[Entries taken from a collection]
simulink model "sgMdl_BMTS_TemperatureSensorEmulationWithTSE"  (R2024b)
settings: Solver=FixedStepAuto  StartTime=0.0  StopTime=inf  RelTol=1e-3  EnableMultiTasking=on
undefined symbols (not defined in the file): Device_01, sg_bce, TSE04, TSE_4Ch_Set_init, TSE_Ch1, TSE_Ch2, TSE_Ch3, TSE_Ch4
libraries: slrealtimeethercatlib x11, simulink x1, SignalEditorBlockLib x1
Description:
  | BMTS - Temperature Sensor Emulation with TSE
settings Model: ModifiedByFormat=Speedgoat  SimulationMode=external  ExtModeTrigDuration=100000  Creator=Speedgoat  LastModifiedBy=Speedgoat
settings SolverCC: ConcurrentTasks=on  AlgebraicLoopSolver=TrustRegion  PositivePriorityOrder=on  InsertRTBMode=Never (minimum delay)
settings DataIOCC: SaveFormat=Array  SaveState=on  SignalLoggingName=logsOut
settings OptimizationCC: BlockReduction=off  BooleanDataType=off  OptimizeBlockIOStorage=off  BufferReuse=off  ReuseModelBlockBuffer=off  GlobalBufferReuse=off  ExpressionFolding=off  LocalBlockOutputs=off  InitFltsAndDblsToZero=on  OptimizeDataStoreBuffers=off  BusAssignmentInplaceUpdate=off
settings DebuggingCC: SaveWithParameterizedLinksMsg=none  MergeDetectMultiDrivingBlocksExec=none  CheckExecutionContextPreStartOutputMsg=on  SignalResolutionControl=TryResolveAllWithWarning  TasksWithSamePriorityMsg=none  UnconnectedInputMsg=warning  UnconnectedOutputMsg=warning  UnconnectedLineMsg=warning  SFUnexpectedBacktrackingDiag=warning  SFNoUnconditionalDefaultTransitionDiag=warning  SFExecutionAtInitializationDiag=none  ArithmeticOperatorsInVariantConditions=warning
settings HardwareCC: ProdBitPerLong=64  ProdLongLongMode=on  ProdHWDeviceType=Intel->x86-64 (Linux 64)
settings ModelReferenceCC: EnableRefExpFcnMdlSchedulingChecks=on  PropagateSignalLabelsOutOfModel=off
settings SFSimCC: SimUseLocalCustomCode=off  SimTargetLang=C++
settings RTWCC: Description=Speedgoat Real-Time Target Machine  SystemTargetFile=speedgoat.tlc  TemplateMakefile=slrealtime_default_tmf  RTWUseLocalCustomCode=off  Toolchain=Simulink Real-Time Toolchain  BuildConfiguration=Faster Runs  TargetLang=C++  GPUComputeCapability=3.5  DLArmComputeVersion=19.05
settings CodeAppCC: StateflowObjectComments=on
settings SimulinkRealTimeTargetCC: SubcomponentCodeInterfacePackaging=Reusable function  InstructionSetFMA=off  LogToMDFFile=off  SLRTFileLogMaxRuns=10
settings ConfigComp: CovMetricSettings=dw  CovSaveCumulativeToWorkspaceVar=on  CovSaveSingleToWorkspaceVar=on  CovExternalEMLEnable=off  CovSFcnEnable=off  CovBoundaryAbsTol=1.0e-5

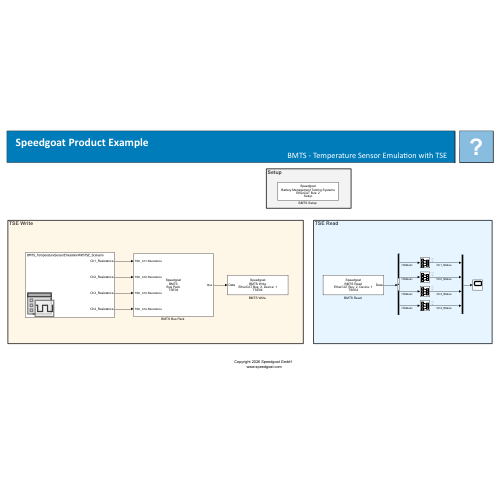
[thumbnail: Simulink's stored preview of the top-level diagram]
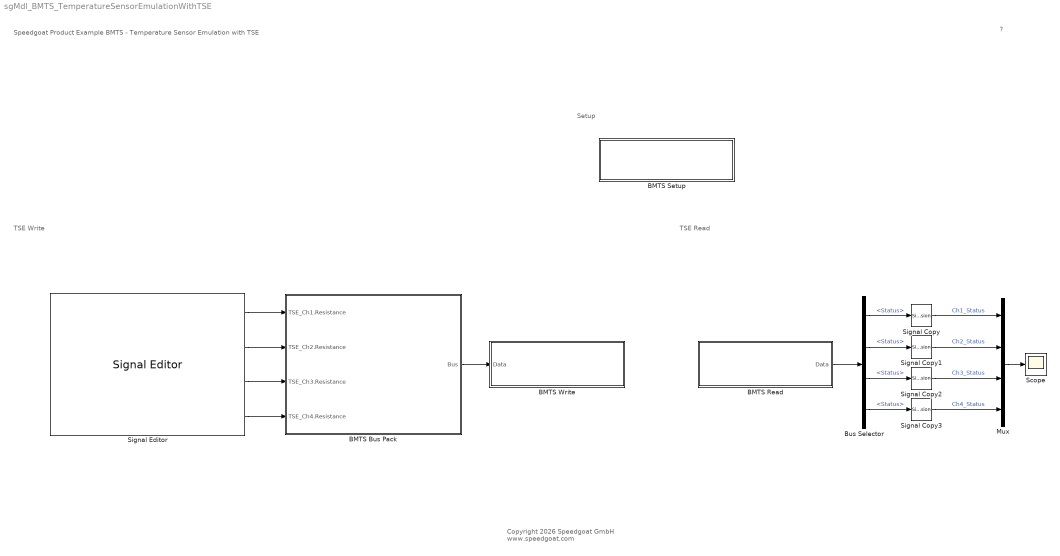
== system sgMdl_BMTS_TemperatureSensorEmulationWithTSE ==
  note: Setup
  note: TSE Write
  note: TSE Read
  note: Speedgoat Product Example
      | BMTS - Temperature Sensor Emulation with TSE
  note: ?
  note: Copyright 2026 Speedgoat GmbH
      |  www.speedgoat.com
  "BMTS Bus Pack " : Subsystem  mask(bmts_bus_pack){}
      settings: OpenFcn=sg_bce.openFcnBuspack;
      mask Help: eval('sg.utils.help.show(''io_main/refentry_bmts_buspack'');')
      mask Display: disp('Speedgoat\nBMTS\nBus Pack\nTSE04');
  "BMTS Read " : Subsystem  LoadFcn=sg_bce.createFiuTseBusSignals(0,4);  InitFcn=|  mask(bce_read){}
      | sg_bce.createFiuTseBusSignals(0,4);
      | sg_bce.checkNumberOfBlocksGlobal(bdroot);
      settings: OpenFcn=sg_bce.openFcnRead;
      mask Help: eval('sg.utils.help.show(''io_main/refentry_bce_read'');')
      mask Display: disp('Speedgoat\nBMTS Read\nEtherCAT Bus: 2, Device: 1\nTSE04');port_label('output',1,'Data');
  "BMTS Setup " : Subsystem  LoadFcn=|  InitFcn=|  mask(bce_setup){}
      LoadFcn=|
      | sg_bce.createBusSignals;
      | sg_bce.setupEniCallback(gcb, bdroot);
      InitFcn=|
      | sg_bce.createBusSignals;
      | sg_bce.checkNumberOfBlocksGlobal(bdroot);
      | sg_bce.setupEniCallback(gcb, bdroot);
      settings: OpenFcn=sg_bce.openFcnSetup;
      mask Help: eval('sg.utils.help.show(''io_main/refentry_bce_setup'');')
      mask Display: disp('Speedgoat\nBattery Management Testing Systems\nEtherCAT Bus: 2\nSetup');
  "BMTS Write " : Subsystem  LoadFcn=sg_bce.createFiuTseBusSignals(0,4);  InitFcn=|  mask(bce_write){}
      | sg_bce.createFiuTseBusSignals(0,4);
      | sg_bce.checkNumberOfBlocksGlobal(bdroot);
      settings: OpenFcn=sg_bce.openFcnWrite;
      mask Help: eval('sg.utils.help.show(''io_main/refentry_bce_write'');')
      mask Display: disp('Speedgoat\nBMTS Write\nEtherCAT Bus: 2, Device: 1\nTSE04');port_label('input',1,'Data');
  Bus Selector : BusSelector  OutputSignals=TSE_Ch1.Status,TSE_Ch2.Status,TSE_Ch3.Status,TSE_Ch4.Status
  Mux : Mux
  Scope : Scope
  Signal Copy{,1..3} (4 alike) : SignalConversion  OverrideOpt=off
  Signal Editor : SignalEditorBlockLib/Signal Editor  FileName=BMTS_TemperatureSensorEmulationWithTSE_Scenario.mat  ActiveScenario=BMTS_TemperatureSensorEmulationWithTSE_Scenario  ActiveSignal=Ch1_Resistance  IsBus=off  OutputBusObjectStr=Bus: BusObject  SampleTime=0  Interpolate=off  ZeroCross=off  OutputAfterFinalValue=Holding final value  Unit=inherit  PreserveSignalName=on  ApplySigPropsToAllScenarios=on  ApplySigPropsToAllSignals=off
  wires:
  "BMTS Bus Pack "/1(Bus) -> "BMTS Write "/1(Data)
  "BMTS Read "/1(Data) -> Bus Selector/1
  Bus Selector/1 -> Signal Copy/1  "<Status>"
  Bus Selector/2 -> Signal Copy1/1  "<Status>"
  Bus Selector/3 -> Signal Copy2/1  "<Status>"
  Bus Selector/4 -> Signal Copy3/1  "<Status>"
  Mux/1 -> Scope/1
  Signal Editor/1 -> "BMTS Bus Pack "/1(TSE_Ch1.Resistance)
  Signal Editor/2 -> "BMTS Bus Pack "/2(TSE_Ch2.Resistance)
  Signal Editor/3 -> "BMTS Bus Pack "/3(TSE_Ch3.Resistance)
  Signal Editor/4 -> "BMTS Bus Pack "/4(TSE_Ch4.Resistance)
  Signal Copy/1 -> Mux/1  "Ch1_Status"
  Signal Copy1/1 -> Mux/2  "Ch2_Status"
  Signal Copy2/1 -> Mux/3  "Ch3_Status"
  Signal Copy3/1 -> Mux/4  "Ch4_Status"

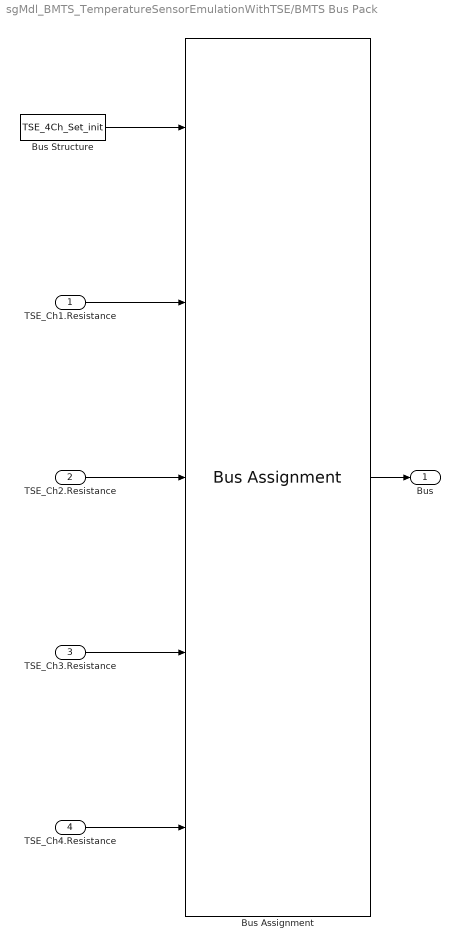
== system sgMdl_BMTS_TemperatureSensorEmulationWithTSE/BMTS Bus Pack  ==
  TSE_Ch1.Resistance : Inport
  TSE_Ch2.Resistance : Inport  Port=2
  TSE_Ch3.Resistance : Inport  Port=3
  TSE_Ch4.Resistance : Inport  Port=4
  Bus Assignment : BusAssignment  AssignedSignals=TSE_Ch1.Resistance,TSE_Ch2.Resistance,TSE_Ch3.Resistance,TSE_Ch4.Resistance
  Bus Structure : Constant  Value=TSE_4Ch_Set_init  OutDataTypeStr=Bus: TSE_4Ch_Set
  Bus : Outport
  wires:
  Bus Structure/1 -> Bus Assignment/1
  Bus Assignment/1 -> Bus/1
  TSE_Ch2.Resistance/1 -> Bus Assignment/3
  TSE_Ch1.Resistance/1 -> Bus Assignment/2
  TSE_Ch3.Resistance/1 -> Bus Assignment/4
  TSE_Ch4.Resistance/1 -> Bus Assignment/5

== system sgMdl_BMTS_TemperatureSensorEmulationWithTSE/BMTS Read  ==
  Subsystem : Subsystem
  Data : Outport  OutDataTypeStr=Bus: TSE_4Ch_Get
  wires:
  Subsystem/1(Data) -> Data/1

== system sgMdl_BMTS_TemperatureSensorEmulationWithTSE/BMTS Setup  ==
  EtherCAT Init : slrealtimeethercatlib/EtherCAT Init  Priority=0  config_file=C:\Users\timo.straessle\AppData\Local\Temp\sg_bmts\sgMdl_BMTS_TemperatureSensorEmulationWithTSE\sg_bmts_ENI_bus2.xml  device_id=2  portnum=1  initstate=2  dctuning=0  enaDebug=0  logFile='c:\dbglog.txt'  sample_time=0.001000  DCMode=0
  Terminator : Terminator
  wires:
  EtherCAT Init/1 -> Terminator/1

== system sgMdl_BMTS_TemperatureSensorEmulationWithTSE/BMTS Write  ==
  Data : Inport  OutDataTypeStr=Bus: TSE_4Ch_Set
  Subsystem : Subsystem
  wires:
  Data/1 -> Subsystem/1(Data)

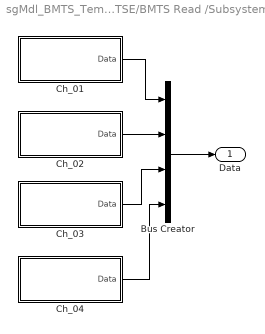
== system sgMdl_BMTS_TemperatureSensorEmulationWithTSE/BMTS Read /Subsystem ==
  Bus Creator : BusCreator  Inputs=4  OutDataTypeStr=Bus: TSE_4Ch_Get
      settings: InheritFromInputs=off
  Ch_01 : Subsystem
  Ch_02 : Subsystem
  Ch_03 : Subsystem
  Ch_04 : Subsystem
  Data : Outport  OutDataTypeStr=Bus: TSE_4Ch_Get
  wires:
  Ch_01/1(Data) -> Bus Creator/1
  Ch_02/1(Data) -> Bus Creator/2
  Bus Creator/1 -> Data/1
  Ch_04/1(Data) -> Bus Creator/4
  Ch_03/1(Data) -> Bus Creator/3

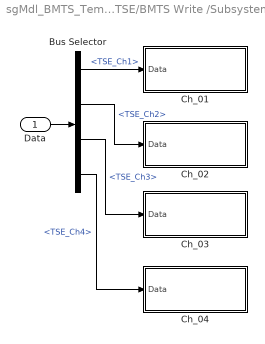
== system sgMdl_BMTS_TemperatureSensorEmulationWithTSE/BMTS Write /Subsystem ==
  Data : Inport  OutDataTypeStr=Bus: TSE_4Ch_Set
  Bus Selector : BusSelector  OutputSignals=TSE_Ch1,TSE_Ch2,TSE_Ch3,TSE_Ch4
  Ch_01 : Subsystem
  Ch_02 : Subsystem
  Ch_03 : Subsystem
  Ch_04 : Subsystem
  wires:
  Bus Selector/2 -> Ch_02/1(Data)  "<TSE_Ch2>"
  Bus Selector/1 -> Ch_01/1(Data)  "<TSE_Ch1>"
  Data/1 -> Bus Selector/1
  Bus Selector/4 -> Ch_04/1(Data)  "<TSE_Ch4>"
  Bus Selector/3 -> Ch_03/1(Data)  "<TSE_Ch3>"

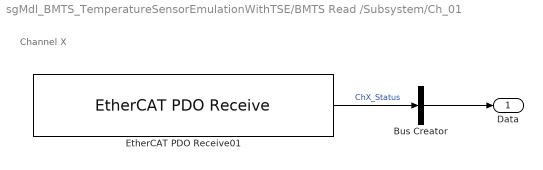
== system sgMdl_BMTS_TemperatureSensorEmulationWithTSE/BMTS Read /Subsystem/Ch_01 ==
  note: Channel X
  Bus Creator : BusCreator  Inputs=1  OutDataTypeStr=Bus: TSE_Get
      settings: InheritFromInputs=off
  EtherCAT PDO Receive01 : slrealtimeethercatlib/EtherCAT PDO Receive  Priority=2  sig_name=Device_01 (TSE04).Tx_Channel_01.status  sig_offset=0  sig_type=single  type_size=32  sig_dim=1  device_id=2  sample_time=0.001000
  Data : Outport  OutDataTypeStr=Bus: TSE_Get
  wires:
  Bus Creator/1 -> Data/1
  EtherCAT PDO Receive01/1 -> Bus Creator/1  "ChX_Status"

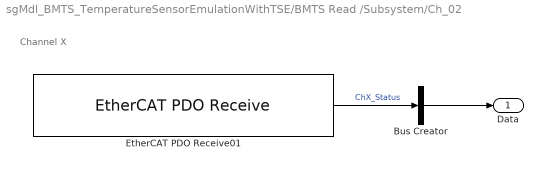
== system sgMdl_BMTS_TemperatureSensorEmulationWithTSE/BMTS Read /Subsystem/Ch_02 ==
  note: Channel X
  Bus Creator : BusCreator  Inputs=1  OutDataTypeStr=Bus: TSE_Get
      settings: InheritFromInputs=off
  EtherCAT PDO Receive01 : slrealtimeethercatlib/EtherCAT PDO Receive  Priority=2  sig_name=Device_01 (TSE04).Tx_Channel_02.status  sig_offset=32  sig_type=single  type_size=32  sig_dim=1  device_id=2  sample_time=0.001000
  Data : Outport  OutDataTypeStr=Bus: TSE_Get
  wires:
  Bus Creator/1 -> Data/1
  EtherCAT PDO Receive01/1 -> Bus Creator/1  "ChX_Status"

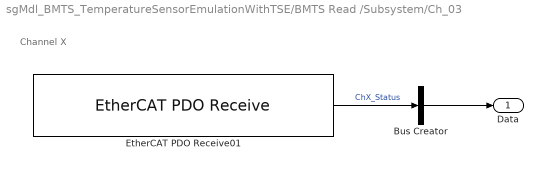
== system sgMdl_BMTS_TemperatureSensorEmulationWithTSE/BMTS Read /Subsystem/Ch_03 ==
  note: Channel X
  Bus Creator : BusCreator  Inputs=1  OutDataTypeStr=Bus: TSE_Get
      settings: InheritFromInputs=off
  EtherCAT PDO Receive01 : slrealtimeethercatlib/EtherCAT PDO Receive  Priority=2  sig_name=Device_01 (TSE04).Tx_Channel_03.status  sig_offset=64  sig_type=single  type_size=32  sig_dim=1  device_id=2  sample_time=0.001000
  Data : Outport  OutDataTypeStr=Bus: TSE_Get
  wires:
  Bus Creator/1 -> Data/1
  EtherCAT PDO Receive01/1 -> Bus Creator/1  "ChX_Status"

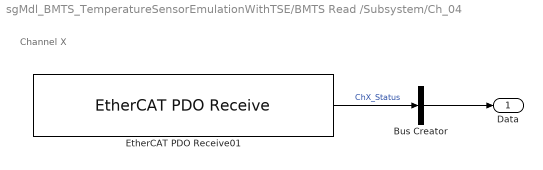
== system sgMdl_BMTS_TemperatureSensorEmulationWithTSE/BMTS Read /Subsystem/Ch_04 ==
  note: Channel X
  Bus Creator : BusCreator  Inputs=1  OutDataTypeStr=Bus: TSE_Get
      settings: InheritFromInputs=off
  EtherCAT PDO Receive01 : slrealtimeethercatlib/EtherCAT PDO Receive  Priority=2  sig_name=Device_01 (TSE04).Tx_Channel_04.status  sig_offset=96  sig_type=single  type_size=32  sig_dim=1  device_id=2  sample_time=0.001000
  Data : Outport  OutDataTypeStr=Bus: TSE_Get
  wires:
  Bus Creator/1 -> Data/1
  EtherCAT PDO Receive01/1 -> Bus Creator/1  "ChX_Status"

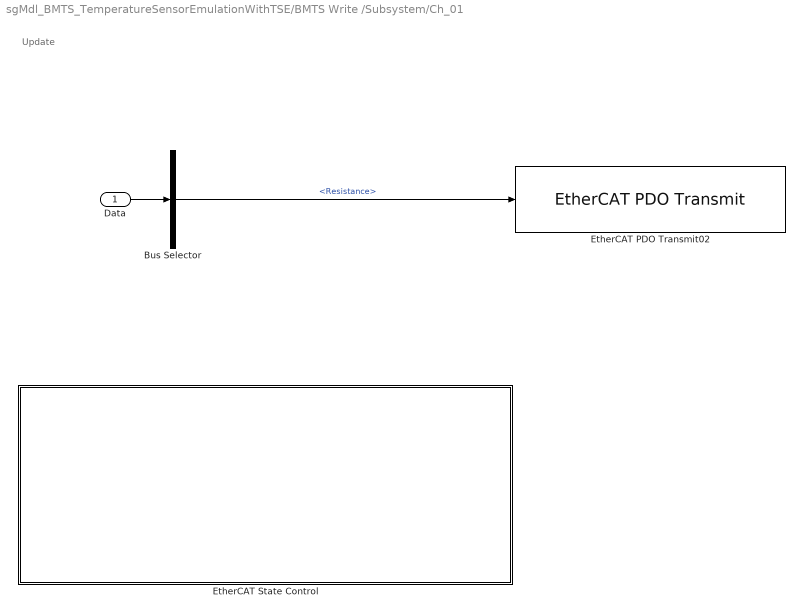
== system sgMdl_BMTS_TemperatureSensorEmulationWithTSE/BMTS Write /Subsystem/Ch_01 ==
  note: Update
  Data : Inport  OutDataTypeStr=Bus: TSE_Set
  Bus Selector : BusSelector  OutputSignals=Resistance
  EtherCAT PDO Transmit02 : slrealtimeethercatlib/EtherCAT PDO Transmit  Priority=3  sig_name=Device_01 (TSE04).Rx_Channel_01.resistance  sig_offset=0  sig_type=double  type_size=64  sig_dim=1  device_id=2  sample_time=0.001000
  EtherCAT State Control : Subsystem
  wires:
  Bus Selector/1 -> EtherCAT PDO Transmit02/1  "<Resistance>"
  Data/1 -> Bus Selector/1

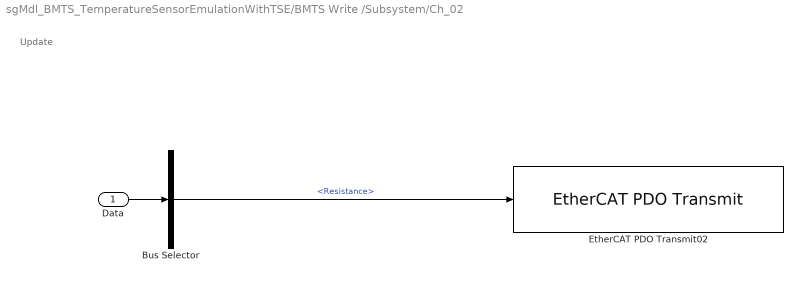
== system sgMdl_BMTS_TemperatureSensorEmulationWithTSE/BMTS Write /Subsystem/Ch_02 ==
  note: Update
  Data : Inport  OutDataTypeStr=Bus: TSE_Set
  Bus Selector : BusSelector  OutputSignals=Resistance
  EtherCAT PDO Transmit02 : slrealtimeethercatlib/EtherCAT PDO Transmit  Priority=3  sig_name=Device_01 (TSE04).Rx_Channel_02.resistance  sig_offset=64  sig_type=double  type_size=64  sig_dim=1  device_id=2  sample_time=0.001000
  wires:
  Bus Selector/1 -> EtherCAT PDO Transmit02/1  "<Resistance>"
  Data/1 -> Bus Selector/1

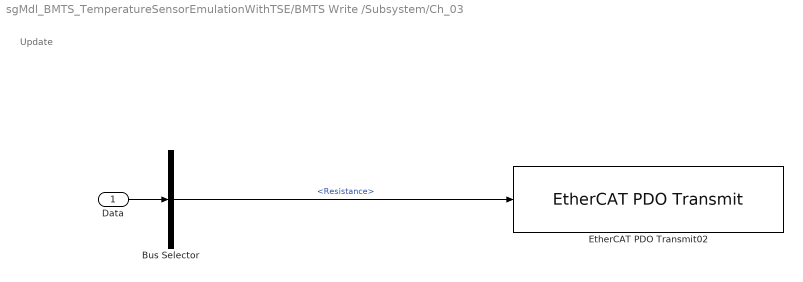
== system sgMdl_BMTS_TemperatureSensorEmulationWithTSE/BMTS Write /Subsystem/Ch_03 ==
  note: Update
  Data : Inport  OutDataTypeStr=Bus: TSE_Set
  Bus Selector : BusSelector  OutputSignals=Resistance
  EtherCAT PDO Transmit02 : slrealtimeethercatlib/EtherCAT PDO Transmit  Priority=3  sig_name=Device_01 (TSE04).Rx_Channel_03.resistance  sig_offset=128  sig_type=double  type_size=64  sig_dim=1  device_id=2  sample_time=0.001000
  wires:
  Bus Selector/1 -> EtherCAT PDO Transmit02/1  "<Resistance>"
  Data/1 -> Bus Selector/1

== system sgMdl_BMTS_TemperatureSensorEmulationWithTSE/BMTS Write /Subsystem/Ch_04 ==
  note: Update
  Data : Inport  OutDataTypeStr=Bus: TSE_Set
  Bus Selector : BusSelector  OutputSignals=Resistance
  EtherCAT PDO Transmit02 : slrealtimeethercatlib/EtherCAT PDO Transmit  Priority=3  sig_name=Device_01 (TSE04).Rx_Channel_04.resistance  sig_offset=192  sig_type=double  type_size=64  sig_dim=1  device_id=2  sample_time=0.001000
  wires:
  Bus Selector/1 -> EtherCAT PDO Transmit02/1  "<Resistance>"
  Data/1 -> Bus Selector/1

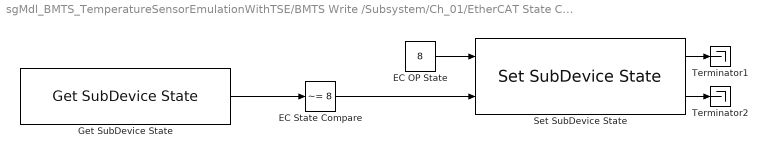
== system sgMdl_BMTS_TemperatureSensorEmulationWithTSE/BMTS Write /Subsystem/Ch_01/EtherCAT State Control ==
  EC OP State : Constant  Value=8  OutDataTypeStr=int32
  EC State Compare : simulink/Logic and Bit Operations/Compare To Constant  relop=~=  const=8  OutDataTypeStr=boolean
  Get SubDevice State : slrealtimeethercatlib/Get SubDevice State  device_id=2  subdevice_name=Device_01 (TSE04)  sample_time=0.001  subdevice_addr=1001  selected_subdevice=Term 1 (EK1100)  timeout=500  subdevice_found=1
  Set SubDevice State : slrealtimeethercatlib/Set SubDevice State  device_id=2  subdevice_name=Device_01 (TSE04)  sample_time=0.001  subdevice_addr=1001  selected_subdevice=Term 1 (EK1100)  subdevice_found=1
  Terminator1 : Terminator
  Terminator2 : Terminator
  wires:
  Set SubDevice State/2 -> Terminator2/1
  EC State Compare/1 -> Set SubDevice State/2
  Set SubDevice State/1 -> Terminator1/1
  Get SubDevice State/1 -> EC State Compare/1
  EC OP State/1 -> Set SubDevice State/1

▶ **TASK GOAL**
The word "Display" appears in how many lines of the data? Answer with only the number.

▶ **REPLY**
4